Hospitals will continue to see Medicare denials for severe protein-calorie malnutrition when reviewers aren’t convinced the code is accurate or the clinical evidence supports it, experts say. There’s a Catch-22 because registered dieticians evaluate patients for malnutrition, but malnutrition can’t be coded unless physicians diagnose it, and they may not review the notes of the registered dieticians. Hospitals are trying to bridge that gap with smart phrases and other strategies.
Hospitals are already in a malnutrition billing pressure cooker. It was the focus of a July report[1] from the HHS Office of Inspector General (OIG), which estimated that hospitals overcharged Medicare $1 billion by incorrectly assigning two malnutrition diagnosis codes—nutritional marasmus (E41) or unspecified severe protein-calorie malnutrition (E43) as the sole major comorbid condition or complication—on inpatient claims. OIG recommended that CMS and hospitals split the job of repaying Medicare, with CMS recouping money from the reopening period and instructing providers to follow suit under Medicare’s 60-day refund rule.

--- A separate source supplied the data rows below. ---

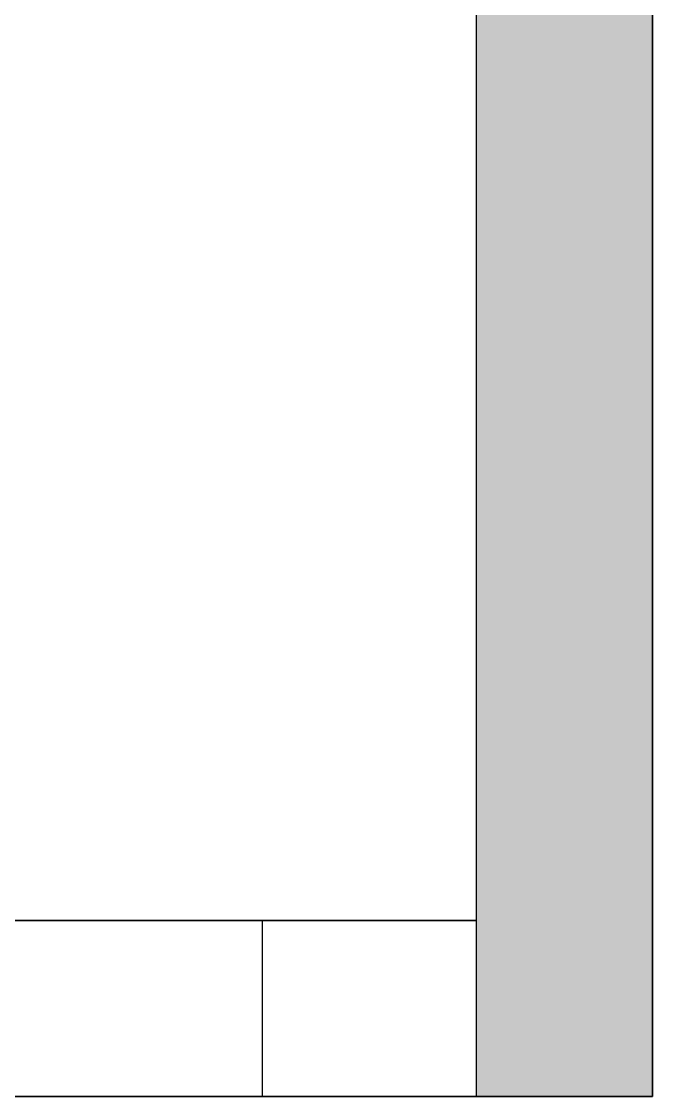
# Model space of a CAD drawing. Header units: millimetres. Extents: x -176651 to 388869, y -18959 to 486614.
# Drawn here: x 271064 to 289002, y 154245 to 184799 of the extents above; entities that cross this region are included whole.
import ezdxf
from ezdxf.xclip import XClip

# ---------------------------------------------------------------- set-up
doc = ezdxf.new("R2010")
doc.units = ezdxf.units.MM
doc.header["$LTSCALE"] = 150
doc.header["$XCLIPFRAME"] = 2
for name, color, linetype in [('ad-Parking', 2, 'Continuous'), ('ad-Road', 2, 'Continuous'), ('ad-Road Hatch', 8, 'Continuous')]:
    doc.layers.add(name, color=color, linetype=linetype)
doc.layers.add('ad-Plot Boundary', color=6, linetype='Continuous', true_color=0xff00ff)

# ---------------------------------------------------------------- blocks, each defined once
blk = doc.blocks.new('A$C4fb60e89')
at = {"layer": 'ad-Road Hatch', "ltscale": 5, "transparency": 33554687}
h = blk.add_hatch(dxfattribs=at)
h.set_pattern_fill('AR-HBONE', color=256, scale=15)
h.set_pattern_definition([(45, (-193247.7, -428758.8), (0, 2155.2615), [4572, -1524]), (135, (-192170.1, -427681.1), (2e-13, 2155.2615), [4572, -1524])])
h.paths.add_polyline_path([(175594, -250241), (169178, -249341), (167473, -249057), (167473, -138694), (101313, -138694), (101313, -199954), (101308, -237995), (101040, -268291), (101008, -280968), (101066, -293684), (101243, -311127), (100910, -319344), (100949, -333937), (100669, -366960), (100727, -390983), (100669, -404586), (100538, -420418), (100467, -428759), (92426, -427265), (92163, -427209), (92163, -321454), (24803, -321454), (24803, -412961), (15653, -411029), (15654, -321452), (-19535, -321452), (-34427, -319477), (-65207, -315395), (-171770, -301268), (-185854, -298333), (-193248, -296832), (-193244, -292908), (-191914, -285219), (-191839, -284679), (-183397, -286393), (-169723, -289243), (-53141, -304698), (-18730, -309262), (15653, -309262), (15653, 703), (24803, 1115), (24803, -129544), (92163, -129544), (92163, 15133), (101313, 17713), (101313, -129544), (167473, -129544), (167473, 35552), (175738, 37855), (175849, 28595), (175836, 25947), (175777, 14040), (175855, 2316), (175660, -18036), (175731, -34039), (175718, -46839), (175673, -63402), (175816, -82072), (175542, -106356), (175490, -124641), (175575, -145019), (175731, -168892), (175797, -181269), (175797, -192667), (175744, -208200), (175829, -223277), (175888, -234871)])
h.paths.add_polyline_path([(24803, -309264), (92163, -309264), (92163, -138694), (24803, -138694)], flags=16)
at = {"layer": 'ad-Road', "ltscale": 5}
blk.add_lwpolyline([(24803, -309264), (92163, -309264), (92163, -138694), (24803, -138694)], close=True, dxfattribs=at)
blk = doc.blocks.new('zw$A88E')
at = {"layer": 'ad-Plot Boundary'}
for points in [[(-117254, -307369), (-83574, -307369), (-83574, -266699), (-117254, -266699)], [(-117254, -347119), (-83574, -347119), (-83574, -307369), (-117254, -307369)]]:
    blk.add_lwpolyline(points, close=True, dxfattribs=at)
blk = doc.blocks.new('zw$944D')
at = {"layer": 'ad-Parking', "ltscale": 5}
blk.add_lwpolyline([(0, 0), (6100, 0), (6100, 6100), (0, 6100)], close=True, dxfattribs=at)
blk = doc.blocks.new('zw$2786')
at = {"layer": 'ad-Parking', "ltscale": 5}
blk.add_blockref('zw$944D', (97959, -194857), dxfattribs=at)
blk = doc.blocks.new("Plot's Boundary")
at = {"layer": 'ad-Road', "ltscale": 5}
blk.add_blockref('A$C4fb60e89', (191839, 428759), dxfattribs=at)
at = {"layer": 'ad-Parking', "ltscale": 5}
blk.add_blockref('zw$2786', (179944, 348002), dxfattribs=at)
at = {"layer": 'ad-Plot Boundary', "ltscale": 5}
blk.add_blockref('zw$A88E', (367577, 466614), dxfattribs=at)
blk = doc.blocks.new('1215E_Footing Layout')
ref = blk.add_blockref("Plot's Boundary", (0, 0))
XClip(ref).set_block_clipping_path([(245322.2775057808, 154244.8999686334), (289002.2775057808, 204914.8999686334)])
blk.add_lwpolyline([(245322, 204915), (289002, 204915), (289002, 154245), (245322, 154245)], close=True)

msp = doc.modelspace()

# ---------------------------------------------------------------- block references
ref = msp.add_blockref('1215E_Footing Layout', (0, 0))
XClip(ref).set_block_clipping_path([(-176651.2716480088, -2838.4650931536), (388868.7283519913, 486613.8052760336)])

doc.saveas('drawing.dxf')

Malnutrition is usually a secondary diagnosis, which means it may serve as a complication and comorbidity (CC) or major CC (MCC) that will increase the reimbursement of the MS-DRG it’s attached to, rather than as the principal diagnosis that occasioned the admission.
Secondary diagnoses are defined as “other diagnoses” in the Uniform Hospital Discharge Data Set (UHDDS). For reporting purposes, “the definition of ‘other diagnoses’ is additional conditions that affect patient care in terms of requiring clinical evaluation; or therapeutic treatment; or diagnostic procedures; or extended length of hospital stay; or increased nursing care and/or monitoring.”
Compliance experts have raised the question of whether Medicare denials are really more clinical denials than coding denials. If the documentation supports one of the five criteria in the UHDDS and the provider documents the diagnosis, malnutrition can be coded. The question then becomes whether a clinical evaluation of the physician’s documentation and clinical indicators support the diagnostic statement, said Leslie Slater, specialist leader at Deloitte Advisory in New York City. A coder cannot make that determination, she noted. “This has been a longstanding documentation issue, because physicians typically rely on the registered dieticians for their clinical expertise of the patient’s nutritional status and dietary requirements,” Slater explained.
Smart Phrases Prompt Physician Review
At UCHealth in Denver, Colorado, the goal is to have an “airtight” malnutrition diagnosis, with support from registered dieticians, said Debra Anoff, M.D., senior medical director of clinical documentation integrity. They use American Society for Parenteral and Enteral Nutrition (ASPEN) guidelines. To further that goal, UCHealth has added smart phrases to its electronic medical records.
“The purpose is not to try to get malnutrition documented on everyone, but to find those patients with moderate or severe malnutrition and make sure we are telling their story,” Anoff said. The smart phrase—“Upon nutritional assessment by the registered dietician, the patient meets the criteria for malnutrition type ___”—prompts physicians to review the dietician’s assessment and document whether they agree with the assessment. Only when physicians agree with the dietician would malnutrition be a reportable secondary diagnosis.
The smart phrase helps compensate for the risk that physicians skip over nutritional evaluations. “There is so much white noise in charts and so much to see,” she said. “They may assume registered dieticians are able to carry out their recommendations without a physician order.”
Also, if the patient doesn’t meet any of the five UHDDS criteria for a secondary diagnosis, “we wouldn’t create a query for the doctor,” Anoff said. But if one or more of the criteria are met, they could query the physician, unless the dietician’s note is on the day before discharge or the day of discharge, because “there’s not even time for further evaluation or treatment.”
Slater warns of the risk of malnutrition downcoding when the notes in the chart contradict. The doctor may have copied and pasted an old note that described the patient as a well-nourished 90-year-old, while the registered dietician has documented a malnourished patient.
Some hospitals allow physicians to sign the dietician’s note to indicate they’ve read it and agree with the patient’s nutritional status and how it affects their recovery, Slater said. The documentation should also spell out what the physician found in the exam, such as muscle wasting, weight loss and cachexia.